◆ **Assigned task**:
Using the listing below, copy exactly each line from the one that has "#9053 = CARTESIAN_POINT" through the one that has "#2337 = EDGE_LOOP"; omit the pictures.

◆ **Exercise data**:
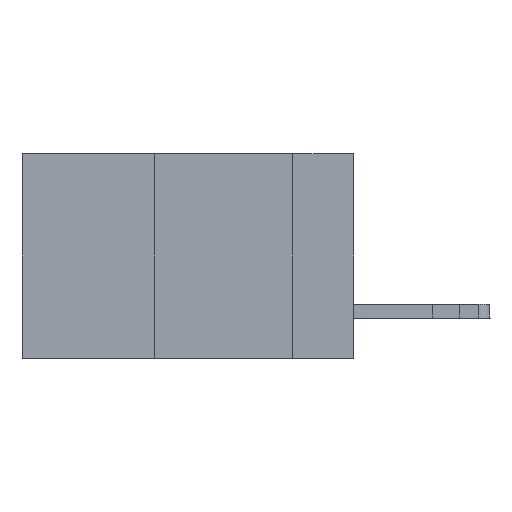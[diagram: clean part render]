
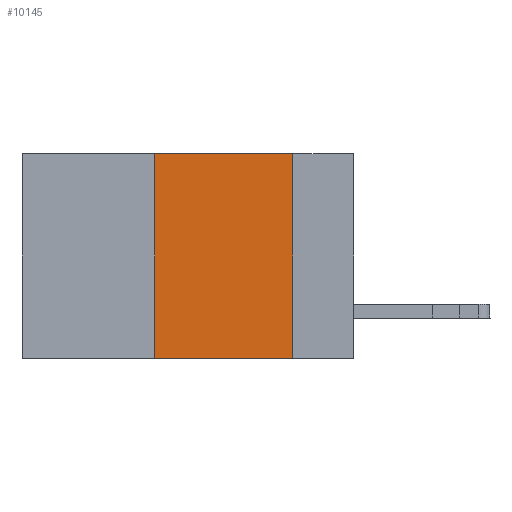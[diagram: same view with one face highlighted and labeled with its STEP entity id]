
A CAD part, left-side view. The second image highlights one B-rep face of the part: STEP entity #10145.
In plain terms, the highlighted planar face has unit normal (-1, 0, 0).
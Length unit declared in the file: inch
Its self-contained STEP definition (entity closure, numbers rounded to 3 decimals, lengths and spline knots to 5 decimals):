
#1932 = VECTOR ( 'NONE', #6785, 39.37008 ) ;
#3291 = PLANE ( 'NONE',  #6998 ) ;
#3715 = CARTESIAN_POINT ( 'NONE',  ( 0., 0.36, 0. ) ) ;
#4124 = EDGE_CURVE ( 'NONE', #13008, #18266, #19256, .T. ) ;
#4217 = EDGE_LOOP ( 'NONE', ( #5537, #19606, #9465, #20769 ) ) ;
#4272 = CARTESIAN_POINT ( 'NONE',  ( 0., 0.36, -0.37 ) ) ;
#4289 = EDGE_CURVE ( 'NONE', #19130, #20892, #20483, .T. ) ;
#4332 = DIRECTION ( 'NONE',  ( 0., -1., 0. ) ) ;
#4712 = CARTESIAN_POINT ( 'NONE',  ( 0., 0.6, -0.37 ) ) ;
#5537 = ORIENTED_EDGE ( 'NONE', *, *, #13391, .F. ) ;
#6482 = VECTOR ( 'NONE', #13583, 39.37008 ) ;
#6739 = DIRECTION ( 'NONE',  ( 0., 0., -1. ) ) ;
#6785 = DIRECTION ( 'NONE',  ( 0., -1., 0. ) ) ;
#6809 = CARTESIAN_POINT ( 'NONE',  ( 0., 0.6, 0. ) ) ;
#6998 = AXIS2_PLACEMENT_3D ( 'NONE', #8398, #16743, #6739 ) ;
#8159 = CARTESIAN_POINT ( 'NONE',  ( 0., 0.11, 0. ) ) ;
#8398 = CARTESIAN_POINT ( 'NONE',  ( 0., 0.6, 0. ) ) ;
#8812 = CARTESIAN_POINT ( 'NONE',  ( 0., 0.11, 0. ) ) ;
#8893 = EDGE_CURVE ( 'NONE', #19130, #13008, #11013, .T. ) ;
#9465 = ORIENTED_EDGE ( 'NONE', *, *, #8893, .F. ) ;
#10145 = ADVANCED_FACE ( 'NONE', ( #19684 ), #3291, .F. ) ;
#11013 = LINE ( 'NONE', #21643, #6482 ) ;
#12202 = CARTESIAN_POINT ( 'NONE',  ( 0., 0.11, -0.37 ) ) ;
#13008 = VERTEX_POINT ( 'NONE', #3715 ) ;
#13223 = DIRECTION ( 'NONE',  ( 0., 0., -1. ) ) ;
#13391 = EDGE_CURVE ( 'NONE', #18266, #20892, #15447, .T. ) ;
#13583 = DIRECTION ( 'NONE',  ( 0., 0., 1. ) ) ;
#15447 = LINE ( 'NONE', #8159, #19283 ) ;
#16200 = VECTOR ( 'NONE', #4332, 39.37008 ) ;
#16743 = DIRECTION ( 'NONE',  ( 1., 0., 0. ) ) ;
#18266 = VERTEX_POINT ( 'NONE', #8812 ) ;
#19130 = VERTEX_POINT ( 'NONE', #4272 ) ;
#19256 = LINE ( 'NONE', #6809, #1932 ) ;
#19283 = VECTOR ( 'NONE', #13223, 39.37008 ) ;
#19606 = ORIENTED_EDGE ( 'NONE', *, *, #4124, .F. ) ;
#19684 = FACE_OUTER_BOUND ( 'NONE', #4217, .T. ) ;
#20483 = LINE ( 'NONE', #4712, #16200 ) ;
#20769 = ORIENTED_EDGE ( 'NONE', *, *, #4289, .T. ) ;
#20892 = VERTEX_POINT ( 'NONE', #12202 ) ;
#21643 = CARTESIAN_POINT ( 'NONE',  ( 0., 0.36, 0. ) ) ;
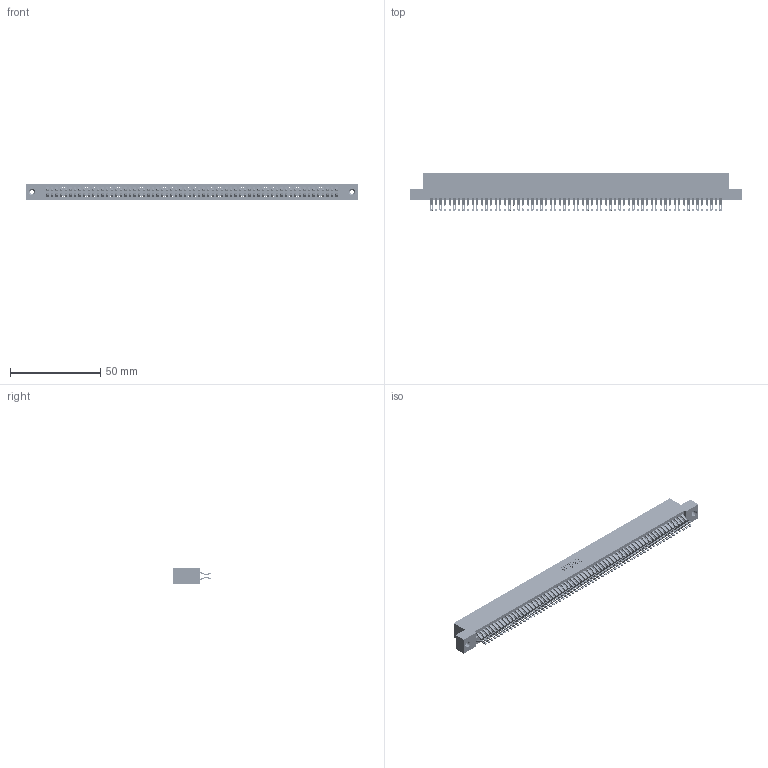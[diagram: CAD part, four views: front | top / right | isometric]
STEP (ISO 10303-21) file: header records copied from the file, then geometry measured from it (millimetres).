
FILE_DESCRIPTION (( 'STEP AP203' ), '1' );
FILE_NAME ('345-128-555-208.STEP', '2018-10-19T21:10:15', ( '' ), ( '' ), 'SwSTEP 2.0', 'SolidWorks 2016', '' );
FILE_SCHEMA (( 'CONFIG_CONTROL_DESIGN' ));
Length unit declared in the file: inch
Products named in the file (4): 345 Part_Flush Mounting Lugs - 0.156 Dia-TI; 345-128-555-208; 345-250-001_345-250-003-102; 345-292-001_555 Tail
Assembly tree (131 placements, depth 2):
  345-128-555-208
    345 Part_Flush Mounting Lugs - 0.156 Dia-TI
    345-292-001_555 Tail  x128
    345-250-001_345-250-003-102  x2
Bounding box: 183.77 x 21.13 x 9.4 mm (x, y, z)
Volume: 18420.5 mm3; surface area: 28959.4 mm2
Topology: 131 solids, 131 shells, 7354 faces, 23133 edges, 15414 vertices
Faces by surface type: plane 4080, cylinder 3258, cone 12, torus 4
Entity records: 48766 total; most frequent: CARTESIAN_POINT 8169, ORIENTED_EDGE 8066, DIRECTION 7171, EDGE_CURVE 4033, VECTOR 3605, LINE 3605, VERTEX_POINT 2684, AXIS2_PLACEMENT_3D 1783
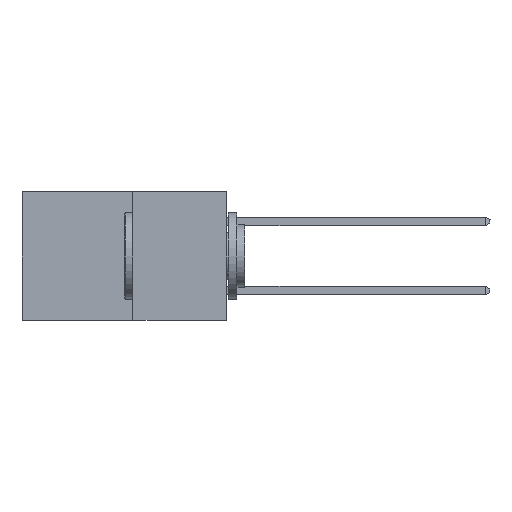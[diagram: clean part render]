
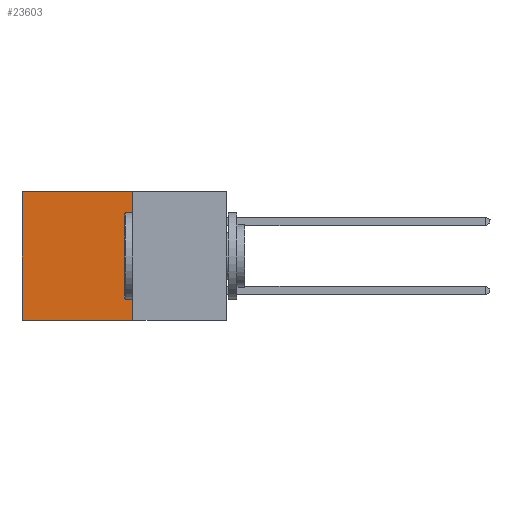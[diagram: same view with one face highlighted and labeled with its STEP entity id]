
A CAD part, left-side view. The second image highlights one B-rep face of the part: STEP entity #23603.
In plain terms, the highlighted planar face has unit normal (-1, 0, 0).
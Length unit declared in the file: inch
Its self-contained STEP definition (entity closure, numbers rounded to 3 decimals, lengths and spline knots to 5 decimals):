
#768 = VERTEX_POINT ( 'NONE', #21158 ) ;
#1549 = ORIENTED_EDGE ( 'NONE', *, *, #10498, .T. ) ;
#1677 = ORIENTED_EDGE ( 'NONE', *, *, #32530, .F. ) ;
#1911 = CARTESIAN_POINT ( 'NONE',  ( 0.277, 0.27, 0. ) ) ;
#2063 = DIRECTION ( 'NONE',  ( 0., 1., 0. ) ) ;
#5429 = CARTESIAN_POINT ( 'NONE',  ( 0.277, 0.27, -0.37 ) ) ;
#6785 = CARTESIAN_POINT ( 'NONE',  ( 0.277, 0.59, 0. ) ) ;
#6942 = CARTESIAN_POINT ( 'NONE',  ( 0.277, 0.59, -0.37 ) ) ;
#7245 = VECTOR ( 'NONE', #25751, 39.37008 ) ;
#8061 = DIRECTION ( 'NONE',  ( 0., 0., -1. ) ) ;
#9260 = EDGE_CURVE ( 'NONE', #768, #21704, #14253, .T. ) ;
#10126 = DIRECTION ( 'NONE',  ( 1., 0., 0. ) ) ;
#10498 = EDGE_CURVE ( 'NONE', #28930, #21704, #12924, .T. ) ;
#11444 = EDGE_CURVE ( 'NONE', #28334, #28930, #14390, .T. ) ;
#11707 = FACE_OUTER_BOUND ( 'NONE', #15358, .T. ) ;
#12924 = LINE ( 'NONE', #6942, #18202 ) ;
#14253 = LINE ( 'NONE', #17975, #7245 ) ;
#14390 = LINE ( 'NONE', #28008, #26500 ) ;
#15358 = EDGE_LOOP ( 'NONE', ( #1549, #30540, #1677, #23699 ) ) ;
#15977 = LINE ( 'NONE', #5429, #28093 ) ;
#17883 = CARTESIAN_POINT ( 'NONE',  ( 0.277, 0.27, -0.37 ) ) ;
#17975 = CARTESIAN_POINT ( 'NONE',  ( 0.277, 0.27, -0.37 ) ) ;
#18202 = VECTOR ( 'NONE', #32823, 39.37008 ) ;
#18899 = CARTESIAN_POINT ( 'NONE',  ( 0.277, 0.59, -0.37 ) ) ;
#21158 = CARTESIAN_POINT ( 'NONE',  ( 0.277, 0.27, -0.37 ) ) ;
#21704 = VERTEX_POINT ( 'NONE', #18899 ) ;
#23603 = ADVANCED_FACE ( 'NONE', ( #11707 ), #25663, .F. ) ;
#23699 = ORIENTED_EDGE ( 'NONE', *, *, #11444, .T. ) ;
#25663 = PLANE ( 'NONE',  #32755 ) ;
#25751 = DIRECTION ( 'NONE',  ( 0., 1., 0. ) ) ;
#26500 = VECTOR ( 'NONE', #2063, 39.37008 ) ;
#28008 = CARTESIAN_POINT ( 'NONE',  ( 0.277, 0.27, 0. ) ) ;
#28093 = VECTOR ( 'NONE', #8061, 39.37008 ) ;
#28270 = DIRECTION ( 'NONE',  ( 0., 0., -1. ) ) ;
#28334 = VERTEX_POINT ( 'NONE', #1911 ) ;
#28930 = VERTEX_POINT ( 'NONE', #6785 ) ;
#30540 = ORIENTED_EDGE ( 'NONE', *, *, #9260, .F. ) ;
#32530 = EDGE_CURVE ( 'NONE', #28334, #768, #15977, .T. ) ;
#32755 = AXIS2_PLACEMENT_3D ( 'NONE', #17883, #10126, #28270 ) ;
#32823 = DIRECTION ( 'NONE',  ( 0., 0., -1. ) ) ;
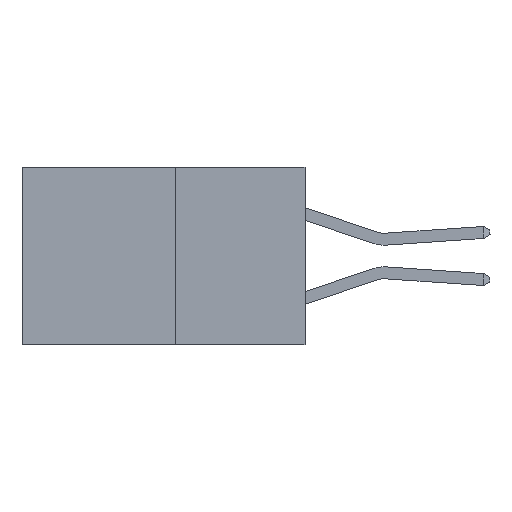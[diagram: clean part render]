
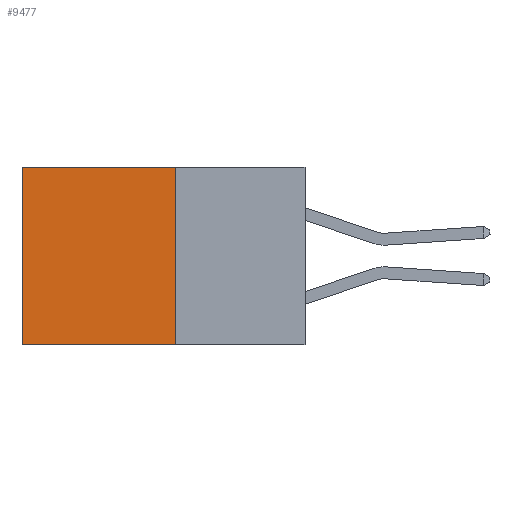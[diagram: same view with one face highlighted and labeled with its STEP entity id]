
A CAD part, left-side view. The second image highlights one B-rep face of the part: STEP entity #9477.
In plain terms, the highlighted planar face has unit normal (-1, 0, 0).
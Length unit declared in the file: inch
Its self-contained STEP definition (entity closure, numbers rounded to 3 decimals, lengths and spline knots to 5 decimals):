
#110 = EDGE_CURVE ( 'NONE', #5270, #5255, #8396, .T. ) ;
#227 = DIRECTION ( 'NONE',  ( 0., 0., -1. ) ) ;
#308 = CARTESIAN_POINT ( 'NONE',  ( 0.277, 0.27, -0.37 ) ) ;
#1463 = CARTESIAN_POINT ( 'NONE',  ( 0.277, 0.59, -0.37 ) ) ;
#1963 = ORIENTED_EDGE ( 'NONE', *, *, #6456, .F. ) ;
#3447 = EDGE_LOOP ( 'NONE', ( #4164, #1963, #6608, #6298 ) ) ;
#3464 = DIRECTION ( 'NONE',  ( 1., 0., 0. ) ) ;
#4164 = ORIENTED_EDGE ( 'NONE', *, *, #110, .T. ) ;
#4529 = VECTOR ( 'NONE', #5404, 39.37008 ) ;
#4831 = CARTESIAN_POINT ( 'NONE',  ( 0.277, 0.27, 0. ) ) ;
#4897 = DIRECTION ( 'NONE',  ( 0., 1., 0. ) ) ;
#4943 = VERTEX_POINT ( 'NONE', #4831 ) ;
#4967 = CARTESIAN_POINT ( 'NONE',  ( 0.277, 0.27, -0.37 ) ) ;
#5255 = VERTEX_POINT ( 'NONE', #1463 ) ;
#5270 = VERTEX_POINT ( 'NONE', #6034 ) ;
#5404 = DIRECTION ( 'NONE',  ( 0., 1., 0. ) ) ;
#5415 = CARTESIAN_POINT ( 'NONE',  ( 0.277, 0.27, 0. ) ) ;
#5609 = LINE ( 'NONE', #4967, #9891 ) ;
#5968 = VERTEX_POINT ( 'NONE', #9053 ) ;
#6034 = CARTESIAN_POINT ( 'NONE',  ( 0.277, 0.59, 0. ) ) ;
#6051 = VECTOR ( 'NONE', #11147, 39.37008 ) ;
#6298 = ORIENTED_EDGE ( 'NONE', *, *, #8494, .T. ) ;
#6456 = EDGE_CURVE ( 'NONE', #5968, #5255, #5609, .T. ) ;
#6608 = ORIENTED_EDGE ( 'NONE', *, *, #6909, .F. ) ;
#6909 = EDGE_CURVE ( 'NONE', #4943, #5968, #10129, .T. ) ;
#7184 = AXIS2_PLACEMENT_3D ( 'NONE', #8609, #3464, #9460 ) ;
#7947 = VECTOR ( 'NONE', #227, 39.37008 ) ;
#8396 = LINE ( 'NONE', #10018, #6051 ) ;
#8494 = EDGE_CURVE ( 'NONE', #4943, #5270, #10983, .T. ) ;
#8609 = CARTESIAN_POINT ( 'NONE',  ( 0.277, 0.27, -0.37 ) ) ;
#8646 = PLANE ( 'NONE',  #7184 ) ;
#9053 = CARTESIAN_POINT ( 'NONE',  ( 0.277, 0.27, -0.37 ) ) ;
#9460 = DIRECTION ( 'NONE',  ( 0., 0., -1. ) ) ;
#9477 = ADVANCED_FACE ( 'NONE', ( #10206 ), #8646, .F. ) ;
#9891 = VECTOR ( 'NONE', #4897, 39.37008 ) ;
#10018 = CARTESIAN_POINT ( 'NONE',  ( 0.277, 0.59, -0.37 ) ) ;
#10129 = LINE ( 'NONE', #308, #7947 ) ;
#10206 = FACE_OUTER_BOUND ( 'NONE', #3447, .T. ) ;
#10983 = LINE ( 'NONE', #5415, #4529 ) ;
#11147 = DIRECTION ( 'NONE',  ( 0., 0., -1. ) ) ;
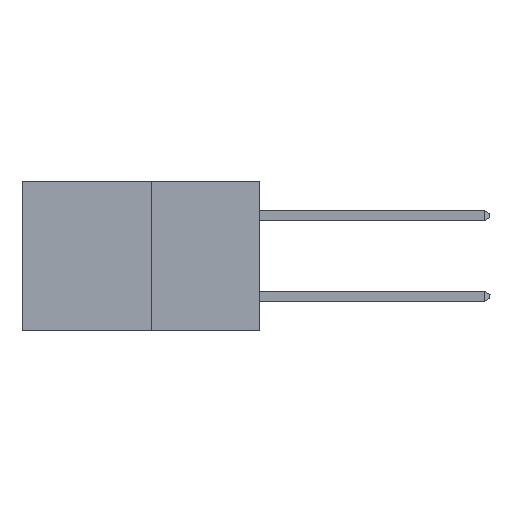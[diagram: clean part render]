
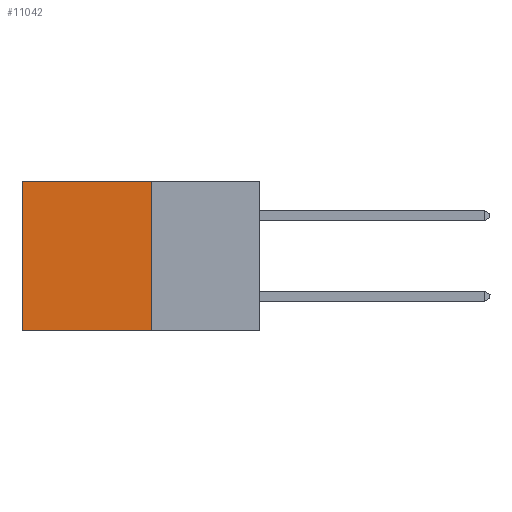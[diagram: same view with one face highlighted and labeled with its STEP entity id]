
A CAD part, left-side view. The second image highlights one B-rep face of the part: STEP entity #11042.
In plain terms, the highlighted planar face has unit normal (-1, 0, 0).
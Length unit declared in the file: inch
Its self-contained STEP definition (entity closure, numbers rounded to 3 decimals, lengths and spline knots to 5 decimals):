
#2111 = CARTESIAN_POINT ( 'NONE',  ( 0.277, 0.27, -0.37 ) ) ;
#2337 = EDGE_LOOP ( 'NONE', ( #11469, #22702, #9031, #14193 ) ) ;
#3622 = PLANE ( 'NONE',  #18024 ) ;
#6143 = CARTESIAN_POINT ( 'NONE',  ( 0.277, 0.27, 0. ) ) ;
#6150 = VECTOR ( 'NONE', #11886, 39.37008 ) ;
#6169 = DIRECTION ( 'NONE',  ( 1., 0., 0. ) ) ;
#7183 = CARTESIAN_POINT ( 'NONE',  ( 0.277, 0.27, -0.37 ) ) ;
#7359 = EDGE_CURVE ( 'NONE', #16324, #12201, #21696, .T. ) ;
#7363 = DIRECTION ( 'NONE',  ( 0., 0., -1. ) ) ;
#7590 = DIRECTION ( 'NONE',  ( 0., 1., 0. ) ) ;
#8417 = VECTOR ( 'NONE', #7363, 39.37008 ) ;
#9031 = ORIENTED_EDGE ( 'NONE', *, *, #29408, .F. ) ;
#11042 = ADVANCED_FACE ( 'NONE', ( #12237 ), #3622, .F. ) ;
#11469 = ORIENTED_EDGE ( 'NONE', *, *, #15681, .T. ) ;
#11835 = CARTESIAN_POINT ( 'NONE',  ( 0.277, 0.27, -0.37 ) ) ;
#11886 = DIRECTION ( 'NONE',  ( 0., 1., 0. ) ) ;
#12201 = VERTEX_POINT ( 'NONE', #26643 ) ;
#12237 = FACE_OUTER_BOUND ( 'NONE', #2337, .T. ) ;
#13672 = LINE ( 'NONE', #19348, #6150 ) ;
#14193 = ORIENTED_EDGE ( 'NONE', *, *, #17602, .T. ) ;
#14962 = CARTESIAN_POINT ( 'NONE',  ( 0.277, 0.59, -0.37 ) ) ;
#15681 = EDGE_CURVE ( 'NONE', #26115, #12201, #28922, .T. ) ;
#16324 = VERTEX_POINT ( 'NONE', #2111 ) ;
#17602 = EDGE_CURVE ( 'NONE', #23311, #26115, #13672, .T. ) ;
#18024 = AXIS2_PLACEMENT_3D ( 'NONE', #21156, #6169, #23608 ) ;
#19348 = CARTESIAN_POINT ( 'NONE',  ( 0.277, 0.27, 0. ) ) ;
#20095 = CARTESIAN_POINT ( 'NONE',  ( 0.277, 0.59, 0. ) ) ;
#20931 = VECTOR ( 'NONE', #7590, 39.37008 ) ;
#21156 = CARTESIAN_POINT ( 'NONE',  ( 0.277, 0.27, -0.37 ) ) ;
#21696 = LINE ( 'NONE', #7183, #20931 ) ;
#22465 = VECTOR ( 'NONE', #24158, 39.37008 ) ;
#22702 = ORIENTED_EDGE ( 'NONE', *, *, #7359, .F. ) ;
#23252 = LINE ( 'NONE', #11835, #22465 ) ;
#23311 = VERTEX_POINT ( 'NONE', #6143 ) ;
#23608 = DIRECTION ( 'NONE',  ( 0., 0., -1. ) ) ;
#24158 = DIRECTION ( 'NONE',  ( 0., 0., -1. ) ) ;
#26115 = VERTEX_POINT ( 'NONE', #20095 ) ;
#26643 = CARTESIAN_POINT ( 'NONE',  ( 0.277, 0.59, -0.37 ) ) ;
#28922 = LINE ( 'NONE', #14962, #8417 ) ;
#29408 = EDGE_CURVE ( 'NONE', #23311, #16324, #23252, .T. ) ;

◆ **Exercise response**:
#9053 = CARTESIAN_POINT ( 'NONE',  ( 0.277, 0.27, -0.37 ) ) ;
#9460 = DIRECTION ( 'NONE',  ( 0., 0., -1. ) ) ;
#9477 = ADVANCED_FACE ( 'NONE', ( #10206 ), #8646, .F. ) ;
#9891 = VECTOR ( 'NONE', #4897, 39.37008 ) ;
#10018 = CARTESIAN_POINT ( 'NONE',  ( 0.277, 0.59, -0.37 ) ) ;
#10129 = LINE ( 'NONE', #308, #7947 ) ;
#10206 = FACE_OUTER_BOUND ( 'NONE', #3447, .T. ) ;
#10983 = LINE ( 'NONE', #5415, #4529 ) ;
#11147 = DIRECTION ( 'NONE',  ( 0., 0., -1. ) ) ;
[diagram: clean part render]
[diagram: same view with one face highlighted and labeled with its STEP entity id]
A CAD part, left-side view. The second image highlights one B-rep face of the part: STEP entity #11042.
In plain terms, the highlighted planar face has unit normal (-1, 0, 0).
Length unit declared in the file: inch
Its self-contained STEP definition (entity closure, numbers rounded to 3 decimals, lengths and spline knots to 5 decimals):
#2111 = CARTESIAN_POINT ( 'NONE',  ( 0.277, 0.27, -0.37 ) ) ;
#2337 = EDGE_LOOP ( 'NONE', ( #11469, #22702, #9031, #14193 ) ) ;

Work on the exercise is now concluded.